↓↓↓

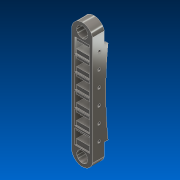
# Autodesk Inventor part: Ponte menor
Saved by Autodesk Inventor 2016 (Build 200138000, 138)
## iProperties
Created: 2018-12-07
Part Number: Ponte menor
Material: Steel
Document SubType Name: Modeling
Designer: lesly
Density: 7.85 g/cm^3
Appearance: Steel - Polished
Author: lesly
Autodesk Inventor part; units mm, degrees
ref_plane "YZ Plane" through (0, 0, 0) normal (1, 0, 0) x (0, 1, 0)
ref_plane "XY Plane" through (0, 0, 0) normal (0, 0, 1) x (1, 0, 0)
sketch "Sketch1" plane through (0, 0, 0) normal (1, 0, 0) x (0, 1, 0)
  line L0 (0, 0) -> (0, -85)
  line L1 (0, -85) -> (8, -85)
  line L2 (0, 0) -> (8, 0)
  line L3 (8, 0) -> (8, -14)
  line L4 (8, -85) -> (8, -71)
  line L5 (8, -14) -> (9, -14)
  line L6 (8, -71) -> (9, -71)
  arc A0 (10.5, -14.5) -> (10.5, -70.5) centre (267.5593, -42.5) ccw
  line L7 (8, -71) -> (10.555, -71)
  line L8 (8, -14) -> (10.555, -14)
  arc A1 (10.555, -14) -> (10.555, -71) centre (267.5473, -42.5) ccw
  constraints: 18 end point, 6 horizontal, 4 point on circle, 3 vertical, 2 centre point
extrude "Extrusion1" add sketch "Sketch1" along normal mid plane 14
sketch "Sketch2" plane through (-7, 8, 0) normal (0, 1, 0) x (1, 0, 0)
  line L0 (0, 85) -> (0, 0) projected
  line L1 (0, 14.0338) -> (0, 5.5338)
  line L2 (14, 0) -> (14, 85) projected
  line L3 (14, 14.0338) -> (14, 5.5338)
  arc A0 (0, 5.5338) -> (14, 5.5338) centre (7, 7.1942) ccw
  line L4 (0, 5.5338) -> (0, 0)
  line L5 (0, 0) -> (14, 0) projected
  line L6 (14, 0) -> (14, 5.5338)
  point P0 (7, 0)
  dimension "d13" = 8.5
  constraints: 8 end point, 4 point on line, 3 point on circle, 1 centre point, 1 collinear, 1 vertical
  measures "d13" distance of L1.start L1.end
extrude "Extrusion2" cut sketch "Sketch2" against normal blind 14
sketch "Sketch3" plane through (-7, 8, -71) normal (0, 1, 0) x (1, 0, 0)
  line L0 (0, 0) -> (14, 0) projected
  line L1 (0, 0) -> (0, 14) projected
  arc A0 (14, 8.5) -> (0, 8.5) centre (7, 6.7955) ccw
  line L2 (0, 8.5) -> (0, 14)
  line L3 (0, 14) -> (14, 14) projected
  line L4 (14, 14) -> (14, 8.5)
  line L5 (14, -65.4662) -> (14, 14) projected
  line L6 (0, 14) -> (0, 8.5)
  line L7 (14, 8.5) -> (14, 14)
  line L8 (14, 14) -> (0, 14)
  line L9 (0, 8.5) -> (0, 14)
  line L10 (0, 14) -> (14, 14) projected
  line L11 (14, 14) -> (14, 8.5)
  line L12 (14, 14) -> (14, 0) projected
  arc A1 (14, 8.5) -> (0, 8.5) centre (7, 6.7955) ccw
  point P0 (7, -71)
  constraints: 14 end point, 5 point on circle, 3 collinear, 2 centre point, 2 point on line, 2 vertical, 1 perpendicular, 1 tangent
extrude "Extrusion3" cut sketch "Sketch3" against normal blind 14 contours L1 L3 A0 | A0 L3 L4
sketch "Sketch7" plane through (0, 0, -7.1942) normal (0, -1, 0) x (1, 0, 0)
  circle A0 centre (0, 2.1942) radius 3 projected
  line L0 (0, -0.8058) -> (0, -3.8058)
  circle A1 centre (0, -72.0142) radius 1.5 projected
  line L1 (0, -70.5142) -> (0, -67.5142)
  line L2 (0, -67.5142) -> (-5, -67.5142)
  line L3 (-5, -67.5142) -> (5, -67.5142)
  line L4 (-5, -67.5142) -> (5, -67.5142)
  line L5 (5, -67.5142) -> (5, -57.4342)
  line L6 (5, -57.4342) -> (-5, -57.4342)
  line L7 (-5, -57.4342) -> (-5, -67.5142)
  line L8 (0, -57.4342) -> (0, -56.9342)
  line L9 (-5, -56.2258) -> (5, -56.2258)
  line L10 (5, -56.2258) -> (5, -46.1458)
  line L11 (5, -46.1458) -> (-5, -46.1458)
  line L12 (-5, -46.1458) -> (-5, -56.2258)
  line L13 (0, -46.1458) -> (0, -45.6458)
  line L14 (-5, -45.6458) -> (5, -45.6458)
  line L15 (5, -45.6458) -> (5, -35.5658)
  line L16 (5, -35.5658) -> (-5, -35.5658)
  line L17 (-5, -35.5658) -> (-5, -45.6458)
  line L18 (0, -35.5658) -> (0, -35.0658)
  line L19 (-5, -35.0658) -> (5, -35.0658)
  line L20 (5, -35.0658) -> (5, -24.9858)
  line L21 (5, -24.9858) -> (-5, -24.9858)
  line L22 (-5, -24.9858) -> (-5, -35.0658)
  line L23 (0, -24.9858) -> (0, -24.4858)
  line L24 (-5, -24.4858) -> (5, -24.4858)
  line L25 (5, -24.4858) -> (5, -14.4058)
  line L26 (5, -14.4058) -> (-5, -14.4058)
  line L27 (-5, -14.4058) -> (-5, -24.4858)
  line L28 (0, -14.4058) -> (0, -13.9058)
  line L29 (-5, -13.9058) -> (5, -13.9058)
  line L30 (5, -13.9058) -> (5, -3.8058)
  line L31 (5, -3.8058) -> (-5, -3.8058)
  line L32 (-5, -3.8058) -> (-5, -13.9058)
  point P0 (0, 7.1942)
  constraints: 66 end point, 12 parallel, 7 horizontal, 6 perpendicular, 6 vertical, 5 midpoint, 2 vertical alignment, 1 point on line, 2 other
extrude "Extrusion6" cut sketch "Sketch7" against normal blind 1 contours L31 L30 L29 L32 | L2 L7 L6 L5 L3
sketch "Sketch8" plane through (0, 0, -7.1942) normal (0, -1, 0) x (1, 0, 0)
  line L0 (-5, -57.4342) -> (5, -57.4342) projected
  line L1 (0, -57.4342) -> (0, -56.9342)
  line L2 (-5, -56.2258) -> (5, -56.2258)
  line L3 (5, -56.2258) -> (5, -46.1458)
  line L4 (5, -46.1458) -> (-5, -46.1458)
  line L5 (-5, -46.1458) -> (-5, -56.2258)
  line L6 (0, -46.1458) -> (0, -45.6458)
  line L7 (-5, -45.6458) -> (5, -45.6458)
  line L8 (5, -45.6458) -> (5, -35.5658)
  line L9 (5, -35.5658) -> (-5, -35.5658)
  line L10 (-5, -35.5658) -> (-5, -45.6458)
  line L11 (0, -35.5658) -> (0, -35.0658)
  line L12 (-5, -35.0658) -> (5, -35.0658)
  line L13 (5, -35.0658) -> (5, -24.9858)
  line L14 (5, -24.9858) -> (-5, -24.9858)
  line L15 (-5, -24.9858) -> (-5, -35.0658)
  line L16 (0, -24.9858) -> (0, -24.4858)
  line L17 (-5, -24.4858) -> (5, -24.4858)
  line L18 (5, -24.4858) -> (5, -14.4058)
  line L19 (5, -14.4058) -> (-5, -14.4058)
  line L20 (-5, -14.4058) -> (-5, -24.4858)
  point P0 (0, 7.1942)
  dimension "d75" = 0.5
  dimension "d76" = 10.08
  dimension "d77" = 0.5
  dimension "d78" = 10.08
  dimension "d79" = 0.5
  dimension "d80" = 10.08
  dimension "d81" = 0.5
  dimension "d82" = 10.08
  constraints: 40 end point, 8 parallel, 4 horizontal, 4 midpoint, 4 perpendicular, 4 vertical, 1 point on line
  measures "d75" distance of L1.start L1.end
  measures "d76" distance of L3.end L2.end
  measures "d77" distance of L6.start L6.end
  measures "d78" distance of L8.end L7.end
  measures "d79" distance of L11.start L11.end
  measures "d80" distance of L13.end L12.end
  measures "d81" distance of L16.start L16.end
  measures "d82" distance of L18.end L17.end
extrude "Extrusion7" cut sketch "Sketch8" against normal blind 1
sketch "Sketch9" plane through (0, 1, -7.1942) normal (0, -1, 0) x (1, 0, 0)
  line L0 (-5, -67.5142) -> (-5, -57.4342) projected
  line L1 (5, -57.4342) -> (5, -67.5142) projected
  line L2 (-5, -59.2658) -> (5, -59.2658)
  line L3 (-5, -64.2658) -> (5, -64.2658)
  line L4 (-5, -64.2658) -> (-5, -59.2658)
  line L5 (5, -64.2658) -> (5, -59.2658)
  line L6 (5, -64.2658) -> (5, -59.2658)
  point P0 (0, 7.1942)
  constraints: 10 end point, 3 collinear
extrude "Extrusion8" cut sketch "Sketch9" against normal blind 20
sketch "Sketch10" plane through (0, 1, -7.1942) normal (0, -1, 0) x (1, 0, 0)
  line L0 (-5, -56.2258) -> (-5, -46.1458) projected
  line L1 (5, -46.1458) -> (5, -56.2258) projected
  line L2 (-5, -53.6858) -> (5, -53.6858)
  line L3 (-5, -48.6858) -> (5, -48.6858)
  line L4 (5, -48.6858) -> (5, -53.6858)
  line L5 (-5, -48.6858) -> (-5, -53.6858)
  point P0 (0, 7.1942)
  dimension "d109" = 5
  constraints: 8 end point, 1 collinear, 1 perpendicular
  measures "d109" distance between parallel lines of L3 L2
extrude "Extrusion9" cut sketch "Sketch10" against normal blind 20
sketch "Sketch11" plane through (0, 1, -7.1942) normal (0, -1, 0) x (1, 0, 0)
  line L0 (-5, -45.6458) -> (-5, -35.5658) projected
  line L1 (5, -35.5658) -> (5, -45.6458) projected
  line L2 (-5, -43.1058) -> (5, -43.1058)
  line L3 (-5, -38.1058) -> (5, -38.1058)
  line L4 (5, -38.1058) -> (5, -43.1058)
  line L5 (-5, -38.1058) -> (-5, -43.1058)
  point P0 (0, 7.1942)
  constraints: 8 end point, 1 parallel, 1 perpendicular
extrude "Extrusion10" cut sketch "Sketch11" against normal blind 20
sketch "Sketch12" plane through (0, 1, -7.1942) normal (0, -1, 0) x (1, 0, 0)
  line L0 (-5, -35.0658) -> (-5, -24.9858) projected
  line L1 (5, -24.9858) -> (5, -35.0658) projected
  line L2 (-5, -32.5258) -> (5, -32.5258)
  line L3 (-5, -27.5258) -> (5, -27.5258)
  line L4 (5, -27.5258) -> (5, -32.5258)
  line L5 (-5, -27.5258) -> (-5, -32.5258)
  point P0 (0, 7.1942)
  constraints: 8 end point, 2 collinear
extrude "Extrusion11" cut sketch "Sketch12" against normal blind 20
sketch "Sketch13" plane through (0, 1, -7.1942) normal (0, -1, 0) x (1, 0, 0)
  line L0 (-5, -24.4858) -> (-5, -14.4058) projected
  line L1 (-5, -21.9458) -> (5, -21.9458)
  line L2 (-5, -16.9458) -> (5, -16.9458)
  line L3 (5, -16.9458) -> (5, -21.9458)
  line L4 (5, -14.4058) -> (5, -24.4858) projected
  line L5 (-5, -16.9458) -> (-5, -21.9458)
  point P0 (0, 7.1942)
  constraints: 8 end point, 2 collinear
extrude "Extrusion12" cut sketch "Sketch13" against normal blind 20
sketch "Sketch14" plane through (0, 1, -7.1942) normal (0, -1, 0) x (1, 0, 0)
  line L0 (-5, -13.9058) -> (-5, -3.8058) projected
  line L1 (5, -3.8058) -> (5, -13.9058) projected
  line L2 (-5, -11.3558) -> (5, -11.3558)
  line L3 (-5, -6.3558) -> (5, -6.3558)
  line L4 (5, -6.3558) -> (5, -11.3558)
  line L5 (-5, -6.772) -> (-5, -11.3558)
  line L6 (-5, -6.3558) -> (-5, -11.3558)
  point P0 (0, 7.1942)
  constraints: 10 end point, 2 collinear, 1 point on line, 1 vertical
extrude "Extrusion13" cut sketch "Sketch14" against normal blind 20
ref_plane "Work Plane1" through (0, 8.9795, -42.5) normal (0, 1, 0) x (-1, 0, 0)
sketch "Sketch30" plane through (0, 0, -7.1942) normal (0, -1, 0) x (1, 0, 0)
  line L0 (7, 1.6605) -> (7, -72.3058) construction
  line L1 (7, -35.3226) -> (-7, -35.3226) construction
  line L2 (-7, -72.3058) -> (-7, 1.6605) construction
  line L3 (0, -35.3226) -> (0, 1.3774) construction
  line L4 (0, -35.3226) -> (0, -72.0226) construction
  circle A0 centre (0, 1.3774) radius 3.75
  circle A1 centre (0, -72.0226) radius 3.75
  point P0 (0, 7.1942)
  dimension "d140" = 36.7
  dimension "d141" = 36.7
  dimension "d142" = 7.5
  dimension "d143" = 7.5
  constraints: 6 end point, 3 midpoint, 2 centre point, 2 coincident, 2 vertical
  measures "d140" distance of L3.start L3.end
  measures "d141" distance of L3.start L4.end
  measures "d142" diameter of A0
  measures "d143" diameter of A1
extrude "Extrusion16" cut sketch "Sketch30" against normal through all
sketch "Sketch31" plane through (7, 0, 0) normal (1, 0, 0) x (0, 0, -1)
  line L0 (13.55, 1) -> (13.55, 8) construction
  line L1 (71.46, 1) -> (71.46, 8) construction
  line L2 (18.55, 1) -> (18.55, 10.0911) construction
  line L3 (24.14, 1) -> (24.14, 9.6322) construction
  line L4 (29.14, 1) -> (29.14, 9.3249) construction
  line L5 (34.72, 1) -> (34.72, 9.0966) construction
  line L6 (39.72, 1) -> (39.72, 8.9945) construction
  line L7 (45.3, 1) -> (45.3, 8.9947) construction
  line L8 (50.3, 1) -> (50.3, 9.0972) construction
  line L9 (55.88, 1) -> (55.88, 9.326) construction
  line L10 (60.88, 1) -> (60.88, 9.6336) construction
  line L11 (66.46, 1) -> (66.46, 10.0921) construction
  line L12 (13.55, 4.5) -> (18.55, 4.5) construction
  line L13 (24.14, 4.5) -> (29.14, 4.5) construction
  line L14 (34.72, 4.5) -> (39.72, 4.5) construction
  line L15 (45.3, 4.5) -> (50.3, 4.5) construction
  line L16 (55.88, 4.5) -> (60.88, 4.5) construction
  line L17 (66.46, 4.5) -> (71.46, 4.5) construction
  circle A0 centre (16.05, 4.5) radius 1
  circle A1 centre (26.64, 4.5) radius 1
  circle A2 centre (37.22, 4.5) radius 1
  circle A3 centre (47.8, 4.5) radius 1
  circle A4 centre (58.38, 4.5) radius 1
  circle A5 centre (68.96, 4.5) radius 1
  point P0 (0, 0)
  dimension "d146" = 2
  dimension "d147" = 2
  dimension "d148" = 2
  dimension "d149" = 2
  dimension "d150" = 2
  dimension "d151" = 2
  constraints: 12 end point, 10 point on line, 8 midpoint, 6 centre point
  measures "d146" diameter of A0
  measures "d147" diameter of A1
  measures "d148" diameter of A2
  measures "d149" diameter of A3
  measures "d150" diameter of A4
  measures "d151" diameter of A5
extrude "Extrusion17" cut sketch "Sketch31" against normal through all
body "Solid1"

↑↑↑

Identify the lines above with the word "distance". Copy them.

• [Result below]
  measures "d13" distance of L1.start L1.end
  measures "d75" distance of L1.start L1.end
  measures "d76" distance of L3.end L2.end
  measures "d77" distance of L6.start L6.end
  measures "d78" distance of L8.end L7.end
  measures "d79" distance of L11.start L11.end
  measures "d80" distance of L13.end L12.end
  measures "d81" distance of L16.start L16.end
  measures "d82" distance of L18.end L17.end
  measures "d109" distance between parallel lines of L3 L2
  measures "d140" distance of L3.start L3.end
  measures "d141" distance of L3.start L4.end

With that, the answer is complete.